Is that the first time you've ever had snow Jenny? It looks like it was a snow storm with all the snow flakes coming down.


----------



## naturalfeddogs (Jan 6, 2011)

It wasn't the first time, but we don't often get snow like that here. It was coming down hard, and the some was blowing so hard it made it difficult to get good pictures. Just north of us had thunder snow. It was the first snow for Shadow though, and he thaught it was the best stuff ever!


----------



## naturalfeddogs (Jan 6, 2011)

Kassandra said:


> Hahaha, I would hardly call that snow :wink: Looks like the dogs were having fun though!
> 
> We got 3 feet of snow here last friday, there was a 7 foot drift behind my house due to it all blowing against the house and our back door was snowed in! We are supposed to get around another foot here today. I find it so funny seeing people on here get excited about almost no snow :tongue: I really have to try to start remembering that mother nature isn't so generous with the snow in other places and that we are lucky here


lol! And you can keep it too! The mess of it reminded me why I hate snow.

It's pretty, but that's about all.


----------



## RiverRun (Jun 29, 2011)

oh not fair! I was hoping for snow the entire day, but we didn't see a single flake!


----------



## naturalfeddogs (Jan 6, 2011)

It was fun at first, but after a few hours I would have gladly shared with you!


----------



## lauren43 (Feb 6, 2011)

NewYorkDogue said:


> You got more snow in Alabama than we have in New York... crazy!
> 
> Anyway, looks like the dogs had fun-- I love the horse pictures, too.

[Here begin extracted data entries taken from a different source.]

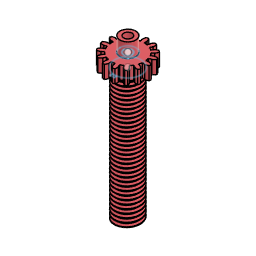
종속기어 (Autodesk Fusion 360 design; units mm, degrees)
Autodesk Fusion 360 part; units mm, degrees
sketch "스케치1" plane through (0, 0, 0) normal (0, 0, 1) x (1, 0, 0)
  spline S0 degree 5 poles (7.217568, -0.799079) (7.217624, -0.799084) (7.217742, -0.799096) (7.21794, -0.799116) (7.218244, -0.799144) (7.218692, -0.799184) (7.219206, -0.799229) (7.219786, -0.799277) (7.220433, -0.79933) (7.221146, -0.799386) (7.221923, -0.799444) (7.222764, -0.799505) (7.223669, -0.799567) (7.224637, -0.799631) (7.225668, -0.799696) (7.226762, -0.799762) (7.227917, -0.799827) (7.229133, -0.799893) (7.230411, -0.799958) (7.231749, -0.800023) (7.233147, -0.800086) (7.234604, -0.800147) (7.236121, -0.800206) (7.237696, -0.800263) (7.239329, -0.800318) (7.24102, -0.800369) (7.242769, -0.800417) (7.244574, -0.800461) (7.246436, -0.800501) (7.248354, -0.800537) (7.250328, -0.800569) (7.252358, -0.800595) (7.254442, -0.800616) (7.256581, -0.800632) (7.258774, -0.800641) (7.26102, -0.800645) (7.26332, -0.800642) (7.265674, -0.800632) (7.26808, -0.800615) (7.270538, -0.800591) (7.273048, -0.800559) (7.27561, -0.80052) (7.278223, -0.800472) (7.280887, -0.800416) (7.283601, -0.800352) (7.286366, -0.800278) (7.28918, -0.800195) (7.292044, -0.800103) (7.294957, -0.800002) (7.297919, -0.79989) (7.30093, -0.799768) (7.303989, -0.799636) (7.307095, -0.799493) (7.310249, -0.799339) (7.313451, -0.799175) (7.316699, -0.798999) (7.319994, -0.798811) (7.323336, -0.798612) (7.326723, -0.798401) (7.330156, -0.798177) (7.333634, -0.797941) (7.337158, -0.797693) (7.340726, -0.797432) (7.344339, -0.797157) (7.347996, -0.79687) (7.351697, -0.796569) (7.355442, -0.796254) (7.35923, -0.795926) (7.363061, -0.795584) (7.366935, -0.795227) (7.370851, -0.794856) (7.37481, -0.794471) (7.378811, -0.794071) (7.382853, -0.793656) (7.386937, -0.793225) (7.391062, -0.79278) (7.395228, -0.792319) (7.399434, -0.791842) (7.403681, -0.79135) (7.407968, -0.790841) (7.412295, -0.790317) (7.416662, -0.789776) (7.421067, -0.789219) (7.425512, -0.788645) (7.429996, -0.788054) (7.434519, -0.787446) (7.439079, -0.786821) (7.443678, -0.786179) (7.448315, -0.785519) (7.452989, -0.784842) (7.457701, -0.784147) (7.46245, -0.783435) (7.467236, -0.782704) (7.472058, -0.781955) (7.476917, -0.781188) (7.481812, -0.780402) (7.486743, -0.779598) (7.49171, -0.778775) (7.496712, -0.777933) (7.501749, -0.777072) (7.506822, -0.776192) (7.511929, -0.775293) (7.517071, -0.774375) (7.522248, -0.773436) (7.527458, -0.772479) (7.532703, -0.771501) (7.537981, -0.770504) (7.543292, -0.769486) (7.548637, -0.768449) (7.554015, -0.767391) (7.559426, -0.766312) (7.56487, -0.765214) (7.570345, -0.764094) (7.575854, -0.762954) (7.581394, -0.761793) (7.586966, -0.760611) (7.592569, -0.759408) (7.598204, -0.758183) (7.60387, -0.756938) (7.609567, -0.755671) (7.615295, -0.754382) (7.621053, -0.753072) (7.626842, -0.75174) (7.632661, -0.750387) (7.63851, -0.749011) (7.644389, -0.747613) (7.650297, -0.746193) (7.656234, -0.744751) (7.662201, -0.743287) (7.668197, -0.7418) (7.674222, -0.74029) (7.680275, -0.738758) (7.686357, -0.737204) (7.692466, -0.735626) (7.698604, -0.734025) (7.70477, -0.732402) (7.710964, -0.730755) (7.717184, -0.729085) (7.723433, -0.727392) (7.729708, -0.725676) (7.73601, -0.723936) (7.742339, -0.722173) (7.748695, -0.720385) (7.755076, -0.718575) (7.761484, -0.71674) (7.767919, -0.714882) (7.774378, -0.712999) (7.780864, -0.711093) (7.787375, -0.709162) (7.793911, -0.707208) (7.800473, -0.705229) (7.807059, -0.703225) (7.81367, -0.701198) (7.820306, -0.699145) (7.826966, -0.697068) (7.833651, -0.694967) (7.840359, -0.692841) (7.847092, -0.69069) (7.853848, -0.688514) (7.860628, -0.686313) (7.867431, -0.684087) (7.874257, -0.681837) (7.881107, -0.679561) (7.887979, -0.677259) (7.894874, -0.674933) (7.901792, -0.672581) (7.908732, -0.670204) (7.915694, -0.667801) (7.922679, -0.665373) (7.929685, -0.662919) (7.936713, -0.660439) (7.943763, -0.657934) (7.950834, -0.655403) (7.957926, -0.652846) (7.965039, -0.650264) (7.972174, -0.647655) (7.979329, -0.64502) (7.986505, -0.642359) (7.993701, -0.639672) (8.000917, -0.636959) (8.008154, -0.63422) (8.015411, -0.631454) (8.022688, -0.628662) (8.029984, -0.625843) (8.0373, -0.622999) (8.044635, -0.620127) (8.051989, -0.617229) (8.059363, -0.614304) (8.066755, -0.611353) (8.074167, -0.608375) (8.081596, -0.60537) (8.089045, -0.602339) (8.096511, -0.59928) (8.103996, -0.596195) (8.111499, -0.593082) (8.11902, -0.589943) (8.126558, -0.586776) (8.134115, -0.583583) (8.141688, -0.580362) (8.149279, -0.577114) (8.156887, -0.573839) (8.164512, -0.570537) (8.172154, -0.567207) (8.179812, -0.56385) (8.187487, -0.560465) (8.195179, -0.557053) (8.202887, -0.553614) (8.210611, -0.550147) (8.218351, -0.546652) (8.226106, -0.54313) (8.233878, -0.539581) (8.241665, -0.536003) (8.249468, -0.532398) (8.257285, -0.528765) (8.265118, -0.525104) (8.272966, -0.521416) (8.280829, -0.517699) (8.288707, -0.513955) (8.296599, -0.510183) (8.304506, -0.506382) (8.312427, -0.502554) (8.320362, -0.498698) (8.328312, -0.494814) (8.336275, -0.490901) (8.344252, -0.486961) (8.352243, -0.482992) (8.360247, -0.478995) (8.368265, -0.47497) (8.376295, -0.470916) (8.384339, -0.466835) (8.392396, -0.462725) (8.400466, -0.458587) (8.408549, -0.45442) (8.416644, -0.450225) (8.424752, -0.446001) (8.432872, -0.441749) (8.441004, -0.437469) (8.449148, -0.43316) (8.457304, -0.428822) (8.465472, -0.424456) (8.473651, -0.420062) (8.480205, -0.416523) (8.485125, -0.413856) (8.488407, -0.412073) (8.490049, -0.41118) knots 0 0 0 0 0 0 0.00416667 0.00833333 0.0125 0.01666667 0.02083333 0.025 0.02916667 0.03333333 0.0375 0.04166667 0.04583333 0.05 0.05416667 0.05833333 0.0625 0.06666667 0.07083333 0.075 0.07916667 0.08333333 0.0875 0.09166667 0.09583333 0.1 0.10416667 0.10833333 0.1125 0.11666667 0.12083333 0.125 0.12916667 0.13333333 0.1375 0.14166667 0.14583333 0.15 0.15416667 0.15833333 0.1625 0.16666667 0.17083333 0.175 0.17916667 0.18333333 0.1875 0.19166667 0.19583333 0.2 0.20416667 0.20833333 0.2125 0.21666667 0.22083333 0.225 0.22916667 0.23333333 0.2375 0.24166667 0.24583333 0.25 0.25416667 0.25833333 0.2625 0.26666667 0.27083333 0.275 0.27916667 0.28333333 0.2875 0.29166667 0.29583333 0.3 0.30416667 0.30833333 0.3125 0.31666667 0.32083333 0.325 0.32916667 0.33333333 0.3375 0.34166667 0.34583333 0.35 0.35416667 0.35833333 0.3625 0.36666667 0.37083333 0.375 0.37916667 0.38333333 0.3875 0.39166667 0.39583333 0.4 0.40416667 0.40833333 0.4125 0.41666667 0.42083333 0.425 0.42916667 0.43333333 0.4375 0.44166667 0.44583333 0.45 0.45416667 0.45833333 0.4625 0.46666667 0.47083333 0.475 0.47916667 0.48333333 0.4875 0.49166667 0.49583333 0.5 0.50416667 0.50833333 0.5125 0.51666667 0.52083333 0.525 0.52916667 0.53333333 0.5375 0.54166667 0.54583333 0.55 0.55416667 0.55833333 0.5625 0.56666667 0.57083333 0.575 0.57916667 0.58333333 0.5875 0.59166667 0.59583333 0.6 0.60416667 0.60833333 0.6125 0.61666667 0.62083333 0.625 0.62916667 0.63333333 0.6375 0.64166667 0.64583333 0.65 0.65416667 0.65833333 0.6625 0.66666667 0.67083333 0.675 0.67916667 0.68333333 0.6875 0.69166667 0.69583333 0.7 0.70416667 0.70833333 0.7125 0.71666667 0.72083333 0.725 0.72916667 0.73333333 0.7375 0.74166667 0.74583333 0.75 0.75416667 0.75833333 0.7625 0.76666667 0.77083333 0.775 0.77916667 0.78333333 0.7875 0.79166667 0.79583333 0.8 0.80416667 0.80833333 0.8125 0.81666667 0.82083333 0.825 0.82916667 0.83333333 0.8375 0.84166667 0.84583333 0.85 0.85416667 0.85833333 0.8625 0.86666667 0.87083333 0.875 0.87916667 0.88333333 0.8875 0.89166667 0.89583333 0.9 0.90416667 0.90833333 0.9125 0.91666667 0.92083333 0.925 0.92916667 0.93333333 0.9375 0.94166667 0.94583333 0.95 0.95416667 0.95833333 0.9625 0.96666667 0.97083333 0.975 0.97916667 0.98333333 0.9875 0.99166667 0.99583333 1 1 1 1 1 1
  spline S1 degree 5 poles (7.217568, 0.799079) (7.217624, 0.799084) (7.217742, 0.799096) (7.21794, 0.799116) (7.218244, 0.799144) (7.218692, 0.799184) (7.219206, 0.799229) (7.219786, 0.799277) (7.220433, 0.79933) (7.221146, 0.799386) (7.221923, 0.799444) (7.222764, 0.799505) (7.223669, 0.799567) (7.224637, 0.799631) (7.225668, 0.799696) (7.226762, 0.799762) (7.227917, 0.799827) (7.229133, 0.799893) (7.230411, 0.799958) (7.231749, 0.800023) (7.233147, 0.800086) (7.234604, 0.800147) (7.236121, 0.800206) (7.237696, 0.800263) (7.239329, 0.800318) (7.24102, 0.800369) (7.242769, 0.800417) (7.244574, 0.800461) (7.246436, 0.800501) (7.248354, 0.800537) (7.250328, 0.800569) (7.252358, 0.800595) (7.254442, 0.800616) (7.256581, 0.800632) (7.258774, 0.800641) (7.26102, 0.800645) (7.26332, 0.800642) (7.265674, 0.800632) (7.26808, 0.800615) (7.270538, 0.800591) (7.273048, 0.800559) (7.27561, 0.80052) (7.278223, 0.800472) (7.280887, 0.800416) (7.283601, 0.800352) (7.286366, 0.800278) (7.28918, 0.800195) (7.292044, 0.800103) (7.294957, 0.800002) (7.297919, 0.79989) (7.30093, 0.799768) (7.303989, 0.799636) (7.307095, 0.799493) (7.310249, 0.799339) (7.313451, 0.799175) (7.316699, 0.798999) (7.319994, 0.798811) (7.323336, 0.798612) (7.326723, 0.798401) (7.330156, 0.798177) (7.333634, 0.797941) (7.337158, 0.797693) (7.340726, 0.797432) (7.344339, 0.797157) (7.347996, 0.79687) (7.351697, 0.796569) (7.355442, 0.796254) (7.35923, 0.795926) (7.363061, 0.795584) (7.366935, 0.795227) (7.370851, 0.794856) (7.37481, 0.794471) (7.378811, 0.794071) (7.382853, 0.793656) (7.386937, 0.793225) (7.391062, 0.79278) (7.395228, 0.792319) (7.399434, 0.791842) (7.403681, 0.79135) (7.407968, 0.790841) (7.412295, 0.790317) (7.416662, 0.789776) (7.421067, 0.789219) (7.425512, 0.788645) (7.429996, 0.788054) (7.434519, 0.787446) (7.439079, 0.786821) (7.443678, 0.786179) (7.448315, 0.785519) (7.452989, 0.784842) (7.457701, 0.784147) (7.46245, 0.783435) (7.467236, 0.782704) (7.472058, 0.781955) (7.476917, 0.781188) (7.481812, 0.780402) (7.486743, 0.779598) (7.49171, 0.778775) (7.496712, 0.777933) (7.501749, 0.777072) (7.506822, 0.776192) (7.511929, 0.775293) (7.517071, 0.774375) (7.522248, 0.773436) (7.527458, 0.772479) (7.532703, 0.771501) (7.537981, 0.770504) (7.543292, 0.769486) (7.548637, 0.768449) (7.554015, 0.767391) (7.559426, 0.766312) (7.56487, 0.765214) (7.570345, 0.764094) (7.575854, 0.762954) (7.581394, 0.761793) (7.586966, 0.760611) (7.592569, 0.759408) (7.598204, 0.758183) (7.60387, 0.756938) (7.609567, 0.755671) (7.615295, 0.754382) (7.621053, 0.753072) (7.626842, 0.75174) (7.632661, 0.750387) (7.63851, 0.749011) (7.644389, 0.747613) (7.650297, 0.746193) (7.656234, 0.744751) (7.662201, 0.743287) (7.668197, 0.7418) (7.674222, 0.74029) (7.680275, 0.738758) (7.686357, 0.737204) (7.692466, 0.735626) (7.698604, 0.734025) (7.70477, 0.732402) (7.710964, 0.730755) (7.717184, 0.729085) (7.723433, 0.727392) (7.729708, 0.725676) (7.73601, 0.723936) (7.742339, 0.722173) (7.748695, 0.720385) (7.755076, 0.718575) (7.761484, 0.71674) (7.767919, 0.714882) (7.774378, 0.712999) (7.780864, 0.711093) (7.787375, 0.709162) (7.793911, 0.707208) (7.800473, 0.705229) (7.807059, 0.703225) (7.81367, 0.701198) (7.820306, 0.699145) (7.826966, 0.697068) (7.833651, 0.694967) (7.840359, 0.692841) (7.847092, 0.69069) (7.853848, 0.688514) (7.860628, 0.686313) (7.867431, 0.684087) (7.874257, 0.681837) (7.881107, 0.679561) (7.887979, 0.677259) (7.894874, 0.674933) (7.901792, 0.672581) (7.908732, 0.670204) (7.915694, 0.667801) (7.922679, 0.665373) (7.929685, 0.662919) (7.936713, 0.660439) (7.943763, 0.657934) (7.950834, 0.655403) (7.957926, 0.652846) (7.965039, 0.650264) (7.972174, 0.647655) (7.979329, 0.64502) (7.986505, 0.642359) (7.993701, 0.639672) (8.000917, 0.636959) (8.008154, 0.63422) (8.015411, 0.631454) (8.022688, 0.628662) (8.029984, 0.625843) (8.0373, 0.622999) (8.044635, 0.620127) (8.051989, 0.617229) (8.059363, 0.614304) (8.066755, 0.611353) (8.074167, 0.608375) (8.081596, 0.60537) (8.089045, 0.602339) (8.096511, 0.59928) (8.103996, 0.596195) (8.111499, 0.593082) (8.11902, 0.589943) (8.126558, 0.586776) (8.134115, 0.583583) (8.141688, 0.580362) (8.149279, 0.577114) (8.156887, 0.573839) (8.164512, 0.570537) (8.172154, 0.567207) (8.179812, 0.56385) (8.187487, 0.560465) (8.195179, 0.557053) (8.202887, 0.553614) (8.210611, 0.550147) (8.218351, 0.546652) (8.226106, 0.54313) (8.233878, 0.539581) (8.241665, 0.536003) (8.249468, 0.532398) (8.257285, 0.528765) (8.265118, 0.525104) (8.272966, 0.521416) (8.280829, 0.517699) (8.288707, 0.513955) (8.296599, 0.510183) (8.304506, 0.506382) (8.312427, 0.502554) (8.320362, 0.498698) (8.328312, 0.494814) (8.336275, 0.490901) (8.344252, 0.486961) (8.352243, 0.482992) (8.360247, 0.478995) (8.368265, 0.47497) (8.376295, 0.470916) (8.384339, 0.466835) (8.392396, 0.462725) (8.400466, 0.458587) (8.408549, 0.45442) (8.416644, 0.450225) (8.424752, 0.446001) (8.432872, 0.441749) (8.441004, 0.437469) (8.449148, 0.43316) (8.457304, 0.428822) (8.465472, 0.424456) (8.473651, 0.420062) (8.480205, 0.416523) (8.485125, 0.413856) (8.488407, 0.412073) (8.490049, 0.41118) knots 0 0 0 0 0 0 0.00416667 0.00833333 0.0125 0.01666667 0.02083333 0.025 0.02916667 0.03333333 0.0375 0.04166667 0.04583333 0.05 0.05416667 0.05833333 0.0625 0.06666667 0.07083333 0.075 0.07916667 0.08333333 0.0875 0.09166667 0.09583333 0.1 0.10416667 0.10833333 0.1125 0.11666667 0.12083333 0.125 0.12916667 0.13333333 0.1375 0.14166667 0.14583333 0.15 0.15416667 0.15833333 0.1625 0.16666667 0.17083333 0.175 0.17916667 0.18333333 0.1875 0.19166667 0.19583333 0.2 0.20416667 0.20833333 0.2125 0.21666667 0.22083333 0.225 0.22916667 0.23333333 0.2375 0.24166667 0.24583333 0.25 0.25416667 0.25833333 0.2625 0.26666667 0.27083333 0.275 0.27916667 0.28333333 0.2875 0.29166667 0.29583333 0.3 0.30416667 0.30833333 0.3125 0.31666667 0.32083333 0.325 0.32916667 0.33333333 0.3375 0.34166667 0.34583333 0.35 0.35416667 0.35833333 0.3625 0.36666667 0.37083333 0.375 0.37916667 0.38333333 0.3875 0.39166667 0.39583333 0.4 0.40416667 0.40833333 0.4125 0.41666667 0.42083333 0.425 0.42916667 0.43333333 0.4375 0.44166667 0.44583333 0.45 0.45416667 0.45833333 0.4625 0.46666667 0.47083333 0.475 0.47916667 0.48333333 0.4875 0.49166667 0.49583333 0.5 0.50416667 0.50833333 0.5125 0.51666667 0.52083333 0.525 0.52916667 0.53333333 0.5375 0.54166667 0.54583333 0.55 0.55416667 0.55833333 0.5625 0.56666667 0.57083333 0.575 0.57916667 0.58333333 0.5875 0.59166667 0.59583333 0.6 0.60416667 0.60833333 0.6125 0.61666667 0.62083333 0.625 0.62916667 0.63333333 0.6375 0.64166667 0.64583333 0.65 0.65416667 0.65833333 0.6625 0.66666667 0.67083333 0.675 0.67916667 0.68333333 0.6875 0.69166667 0.69583333 0.7 0.70416667 0.70833333 0.7125 0.71666667 0.72083333 0.725 0.72916667 0.73333333 0.7375 0.74166667 0.74583333 0.75 0.75416667 0.75833333 0.7625 0.76666667 0.77083333 0.775 0.77916667 0.78333333 0.7875 0.79166667 0.79583333 0.8 0.80416667 0.80833333 0.8125 0.81666667 0.82083333 0.825 0.82916667 0.83333333 0.8375 0.84166667 0.84583333 0.85 0.85416667 0.85833333 0.8625 0.86666667 0.87083333 0.875 0.87916667 0.88333333 0.8875 0.89166667 0.89583333 0.9 0.90416667 0.90833333 0.9125 0.91666667 0.92083333 0.925 0.92916667 0.93333333 0.9375 0.94166667 0.94583333 0.95 0.95416667 0.95833333 0.9625 0.96666667 0.97083333 0.975 0.97916667 0.98333333 0.9875 0.99166667 0.99583333 1 1 1 1 1 1
  spline S2 degree 5 poles (7.217011, -0.799022) (7.217033, -0.799024) (7.217078, -0.799028) (7.217144, -0.799035) (7.217234, -0.799044) (7.217345, -0.799056) (7.217434, -0.799065) (7.217501, -0.799072) (7.217546, -0.799076) (7.217568, -0.799079) knots 0 0 0 0 0 0 0.2 0.4 0.6 0.8 1 1 1 1 1 1
  spline S3 degree 5 poles (7.217011, 0.799022) (7.217033, 0.799024) (7.217078, 0.799028) (7.217144, 0.799035) (7.217234, 0.799044) (7.217345, 0.799056) (7.217434, 0.799065) (7.217501, 0.799072) (7.217546, 0.799076) (7.217568, 0.799079) knots 0 0 0 0 0 0 0.2 0.4 0.6 0.8 1 1 1 1 1 1
  line L0 (0, 0) -> (7.217011, -0.799022)
  line L1 (0, 0) -> (7.217011, 0.799022)
  arc A0 (8.490049, -0.41118) -> (8.490049, 0.41118) centre (0, 0) ccw
  point P0 (7.219241, -0.799231)
  point P1 (7.222032, -0.799452)
  point P2 (7.225944, -0.799712)
  point P3 (7.230976, -0.799985)
  point P4 (7.237131, -0.800242)
  point P5 (7.244408, -0.800456)
  point P6 (7.252807, -0.800599)
  point P7 (7.262327, -0.800642)
  point P8 (7.272967, -0.800559)
  point P9 (7.284724, -0.800321)
  point P10 (7.297598, -0.7999)
  point P11 (7.311583, -0.79927)
  point P12 (7.326679, -0.798401)
  point P13 (7.342879, -0.797267)
  point P14 (7.360181, -0.79584)
  point P15 (7.378578, -0.794092)
  point P16 (7.398066, -0.791996)
  point P17 (7.418638, -0.789524)
  point P18 (7.440288, -0.786651)
  point P19 (7.46301, -0.783347)
  point P20 (7.486795, -0.779586)
  point P21 (7.511635, -0.775342)
  point P22 (7.537522, -0.770587)
  point P23 (7.564447, -0.765296)
  point P24 (7.592401, -0.75944)
  point P25 (7.621373, -0.752995)
  point P26 (7.651353, -0.745934)
  point P27 (7.68233, -0.738231)
  point P28 (7.714292, -0.72986)
  point P29 (7.747228, -0.720795)
  point P30 (7.781125, -0.711012)
  point P31 (7.815969, -0.700484)
  point P32 (7.851749, -0.689187)
  point P33 (7.888449, -0.677097)
  point P34 (7.926055, -0.664188)
  point P35 (7.964553, -0.650436)
  point P36 (8.003928, -0.635817)
  point P37 (8.044162, -0.620308)
  point P38 (8.085241, -0.603884)
  point P39 (8.127148, -0.586523)
  point P40 (8.169865, -0.568201)
  point P41 (8.213375, -0.548896)
  point P42 (8.25766, -0.528585)
  point P43 (8.302701, -0.507246)
  point P44 (8.348481, -0.484858)
  point P45 (8.394978, -0.461398)
  point P46 (8.442174, -0.436845)
  point P47 (7.219241, 0.799231)
  point P48 (7.222032, 0.799452)
  point P49 (7.225944, 0.799712)
  point P50 (7.230976, 0.799985)
  point P51 (7.237131, 0.800242)
  point P52 (7.244408, 0.800456)
  point P53 (7.252807, 0.800599)
  point P54 (7.262327, 0.800642)
  point P55 (7.272967, 0.800559)
  point P56 (7.284724, 0.800321)
  point P57 (7.297598, 0.7999)
  point P58 (7.311583, 0.79927)
  point P59 (7.326679, 0.798401)
  point P60 (7.342879, 0.797267)
  point P61 (7.360181, 0.79584)
  point P62 (7.378578, 0.794092)
  point P63 (7.398066, 0.791996)
  point P64 (7.418638, 0.789524)
  point P65 (7.440288, 0.786651)
  point P66 (7.46301, 0.783347)
  point P67 (7.486795, 0.779586)
  point P68 (7.511635, 0.775342)
  point P69 (7.537522, 0.770587)
  point P70 (7.564447, 0.765296)
  point P71 (7.592401, 0.75944)
  point P72 (7.621373, 0.752995)
  point P73 (7.651353, 0.745934)
  point P74 (7.68233, 0.738231)
  point P75 (7.714292, 0.72986)
  point P76 (7.747228, 0.720795)
  point P77 (7.781125, 0.711012)
  point P78 (7.815969, 0.700484)
  point P79 (7.851749, 0.689187)
  point P80 (7.888449, 0.677097)
  point P81 (7.926055, 0.664188)
  point P82 (7.964553, 0.650436)
  point P83 (8.003928, 0.635817)
  point P84 (8.044162, 0.620308)
  point P85 (8.085241, 0.603884)
  point P86 (8.127148, 0.586523)
  point P87 (8.169865, 0.568201)
  point P88 (8.213375, 0.548896)
  point P89 (8.25766, 0.528585)
  point P90 (8.302701, 0.507246)
  point P91 (8.348481, 0.484858)
  point P92 (8.394978, 0.461398)
  point P93 (8.442174, 0.436845)
sketch "스케치2" plane through (0, 0, 0) normal (0, 0, 1) x (1, 0, 0)
  circle A0 centre (0, 0) radius 6.25
extrude "돌출1" add sketch "스케치2" along normal blind 5 contours A0 picked at (0.027358, -1.484088) makes body 1
extrude "돌출2" add sketch "스케치1" along normal blind 5 separate body contours S0 S1 L0 L1 A0 picked at (4.811712, 0) makes body 2
pattern_circular "C-패턴1" count 15 over 360 about axis through (0, 0, 1.75) along (0, 0, 1) of "돌출2" makes body 3 at (2.306197, 0.735218, 1.666667) makes body 4 at (1.807776, 1.60967, 1.666667) makes body 5 at (1.993547, 4.411591, 3.333333) makes body 6 at (0.01342, 2.420519, 1.666667) makes body 7 at (-0.972254, 2.216712, 1.666667) makes body 8 at (-1.789816, 1.629616, 1.666667) makes body 9 at (-2.297903, 0.760745, 1.666667) makes body 10 at (-2.408661, -0.239667, 1.666667) makes body 11 at (-2.102941, -1.198637, 1.666667) makes body 12 at (-1.433602, -1.950353, 1.666667) makes body 13 at (-0.516381, -2.364834, 1.666667) makes body 14 at (0.490127, -2.370415, 1.666667) makes body 15 at (1.411888, -1.966129, 1.666667) makes body 16 at (2.089521, -1.221881, 1.666667)
combine "결합1" operation add target body 1 tool bodies 2 3 4 5 6 7 8 9 10 11 12 13 14 15 16
sketch "스케치3" plane through (0, 0, 0) normal (0, 0, 1) x (1, 0, 0)
  line L0 (0, 0) -> (49.936528, 0) construction
  line L1 (49.936528, 0) -> (49.936528, 3) construction
  line L2 (49.936528, 3) -> (0, 3) construction
  line L3 (0, 3) -> (0, 0) construction
  constraint perpendicular L0 L1
  constraint parallel L0 L2
  constraint parallel L1 L3
sketch "sketch 1333" plane through (0, 0, 5) normal (0, 0, 1) x (-1, 0, 0)
  circle A0 centre (0, 0) radius 1.6
extrude "돌출3" cut sketch "sketch 1333" against normal blind 5 contours A0 picked at (1.190961, -0.099121) bodies 1
sketch "sketch 1346" plane through (0, 0, 5) normal (0, 0, 1) x (-1, 0, 0)
  circle A0 centre (0, 0) radius 1.6
  circle A1 centre (0, 0) radius 3
extrude "돌출4" add sketch "sketch 1346" along normal blind 5.5 contours A1 picked at (2.516207, -0.228531) bodies 1
sketch "sketch 1361" plane through (0.324673, 5.991209, 0) normal (0, 0, -1) x (0.99853487, -0.05411211, 0)
  circle A0 centre (0, 6) radius 5
extrude "돌출5" add sketch "sketch 1361" along normal blind 50 contours A0 picked at (-0.165052, 7.121549) bodies 1
thread "나사산1" "ISO Metric profile 10.0 M10x1.5 6g" major diameter 9.85 minor diameter 8.141 pitch 1.5 angle 60 modelled right hand crest width 0.217683 on face at (4.994804, 0.227894, -16.666667) crest through (4.917784, -0.266502, 0.375) on bodies 1
sketch "sketch 1373" plane through (-0.023428, 5.999955, 0) normal (0, 0, -1) x (0.99999238, 0.00390467, 0)
  line L0 (-0.760039, 11.955992) -> (0.760039, 11.955992)
  line L1 (-0.760039, 11.254417) -> (-0.760039, 11.955992)
  line L2 (0.760039, 11.254417) -> (-0.760039, 11.254417)
  line L3 (0.760039, 11.955992) -> (0.760039, 11.254417)
extrude "돌출6" add sketch "sketch 1373" along normal blind 1 contours L0 L1 L2 L3 picked at (-0.253346, 11.722134) bodies 1

That's cause NYC is like a bubble that protects you from weather, idk if its all the buildings or what but I was there years ago and it started raining, only in the city (where there are tons of skyscrapers) it was a light sprinkle and only just outside those skyscrapers it was raining pretty hard...


We've had plenty up here in upstate, but the first couple of weeks of January were warm for this time of year so everything melted, but I'm sure it will be back...


----------